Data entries

»»

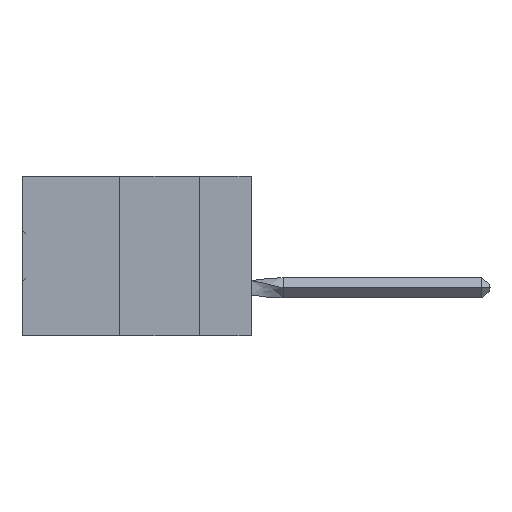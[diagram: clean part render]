
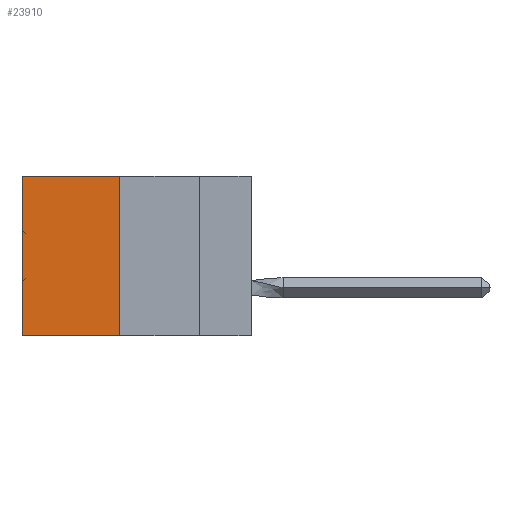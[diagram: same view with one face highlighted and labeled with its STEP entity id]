
A CAD part, left-side view. The second image highlights one B-rep face of the part: STEP entity #23910.
In plain terms, the highlighted planar face has unit normal (-1, 0, 0).
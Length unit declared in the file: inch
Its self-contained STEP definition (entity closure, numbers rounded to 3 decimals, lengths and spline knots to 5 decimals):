
#2695 = CARTESIAN_POINT ( 'NONE',  ( 0.305, 0.413, -0.5 ) ) ;
#3593 = DIRECTION ( 'NONE',  ( 0., 1., 0. ) ) ;
#4007 = CARTESIAN_POINT ( 'NONE',  ( 0.305, 0.413, 0. ) ) ;
#4763 = CARTESIAN_POINT ( 'NONE',  ( 0.305, 0.72, -0.5 ) ) ;
#7627 = CARTESIAN_POINT ( 'NONE',  ( 0.305, 0.413, -0.5 ) ) ;
#9942 = ORIENTED_EDGE ( 'NONE', *, *, #45272, .F. ) ;
#12156 = DIRECTION ( 'NONE',  ( 0., 1., 0. ) ) ;
#12192 = PLANE ( 'NONE',  #33463 ) ;
#13386 = VECTOR ( 'NONE', #12156, 39.37008 ) ;
#17268 = CARTESIAN_POINT ( 'NONE',  ( 0.305, 0.413, -0.5 ) ) ;
#17819 = VERTEX_POINT ( 'NONE', #25723 ) ;
#18130 = FACE_OUTER_BOUND ( 'NONE', #22927, .T. ) ;
#18788 = VECTOR ( 'NONE', #39322, 39.37008 ) ;
#19635 = VERTEX_POINT ( 'NONE', #52158 ) ;
#22927 = EDGE_LOOP ( 'NONE', ( #52261, #9942, #37800, #55808 ) ) ;
#23910 = ADVANCED_FACE ( 'NONE', ( #18130 ), #12192, .F. ) ;
#24987 = EDGE_CURVE ( 'NONE', #19635, #41648, #39858, .T. ) ;
#25723 = CARTESIAN_POINT ( 'NONE',  ( 0.305, 0.72, 0. ) ) ;
#33463 = AXIS2_PLACEMENT_3D ( 'NONE', #38744, #57142, #34438 ) ;
#33806 = EDGE_CURVE ( 'NONE', #17819, #42334, #48794, .T. ) ;
#34438 = DIRECTION ( 'NONE',  ( 0., 0., -1. ) ) ;
#37800 = ORIENTED_EDGE ( 'NONE', *, *, #24987, .F. ) ;
#38744 = CARTESIAN_POINT ( 'NONE',  ( 0.305, 0.413, -0.5 ) ) ;
#39231 = LINE ( 'NONE', #4007, #49724 ) ;
#39322 = DIRECTION ( 'NONE',  ( 0., 0., -1. ) ) ;
#39858 = LINE ( 'NONE', #17268, #18788 ) ;
#40757 = DIRECTION ( 'NONE',  ( 0., 0., -1. ) ) ;
#41648 = VERTEX_POINT ( 'NONE', #2695 ) ;
#42334 = VERTEX_POINT ( 'NONE', #51337 ) ;
#43498 = EDGE_CURVE ( 'NONE', #19635, #17819, #39231, .T. ) ;
#45272 = EDGE_CURVE ( 'NONE', #41648, #42334, #49955, .T. ) ;
#46730 = VECTOR ( 'NONE', #40757, 39.37008 ) ;
#48794 = LINE ( 'NONE', #4763, #46730 ) ;
#49724 = VECTOR ( 'NONE', #3593, 39.37008 ) ;
#49955 = LINE ( 'NONE', #7627, #13386 ) ;
#51337 = CARTESIAN_POINT ( 'NONE',  ( 0.305, 0.72, -0.5 ) ) ;
#52158 = CARTESIAN_POINT ( 'NONE',  ( 0.305, 0.413, 0. ) ) ;
#52261 = ORIENTED_EDGE ( 'NONE', *, *, #33806, .T. ) ;
#55808 = ORIENTED_EDGE ( 'NONE', *, *, #43498, .T. ) ;
#57142 = DIRECTION ( 'NONE',  ( 1., 0., 0. ) ) ;

««

• **Work task**
Write out exactly the lines above from the line with "#37800 = ORIENTED_EDGE" through the line with "#43498 = EDGE_CURVE", both of them included, and leave out all other lines.

• **Reply**
#37800 = ORIENTED_EDGE ( 'NONE', *, *, #24987, .F. ) ;
#38744 = CARTESIAN_POINT ( 'NONE',  ( 0.305, 0.413, -0.5 ) ) ;
#39231 = LINE ( 'NONE', #4007, #49724 ) ;
#39322 = DIRECTION ( 'NONE',  ( 0., 0., -1. ) ) ;
#39858 = LINE ( 'NONE', #17268, #18788 ) ;
#40757 = DIRECTION ( 'NONE',  ( 0., 0., -1. ) ) ;
#41648 = VERTEX_POINT ( 'NONE', #2695 ) ;
#42334 = VERTEX_POINT ( 'NONE', #51337 ) ;
#43498 = EDGE_CURVE ( 'NONE', #19635, #17819, #39231, .T. ) ;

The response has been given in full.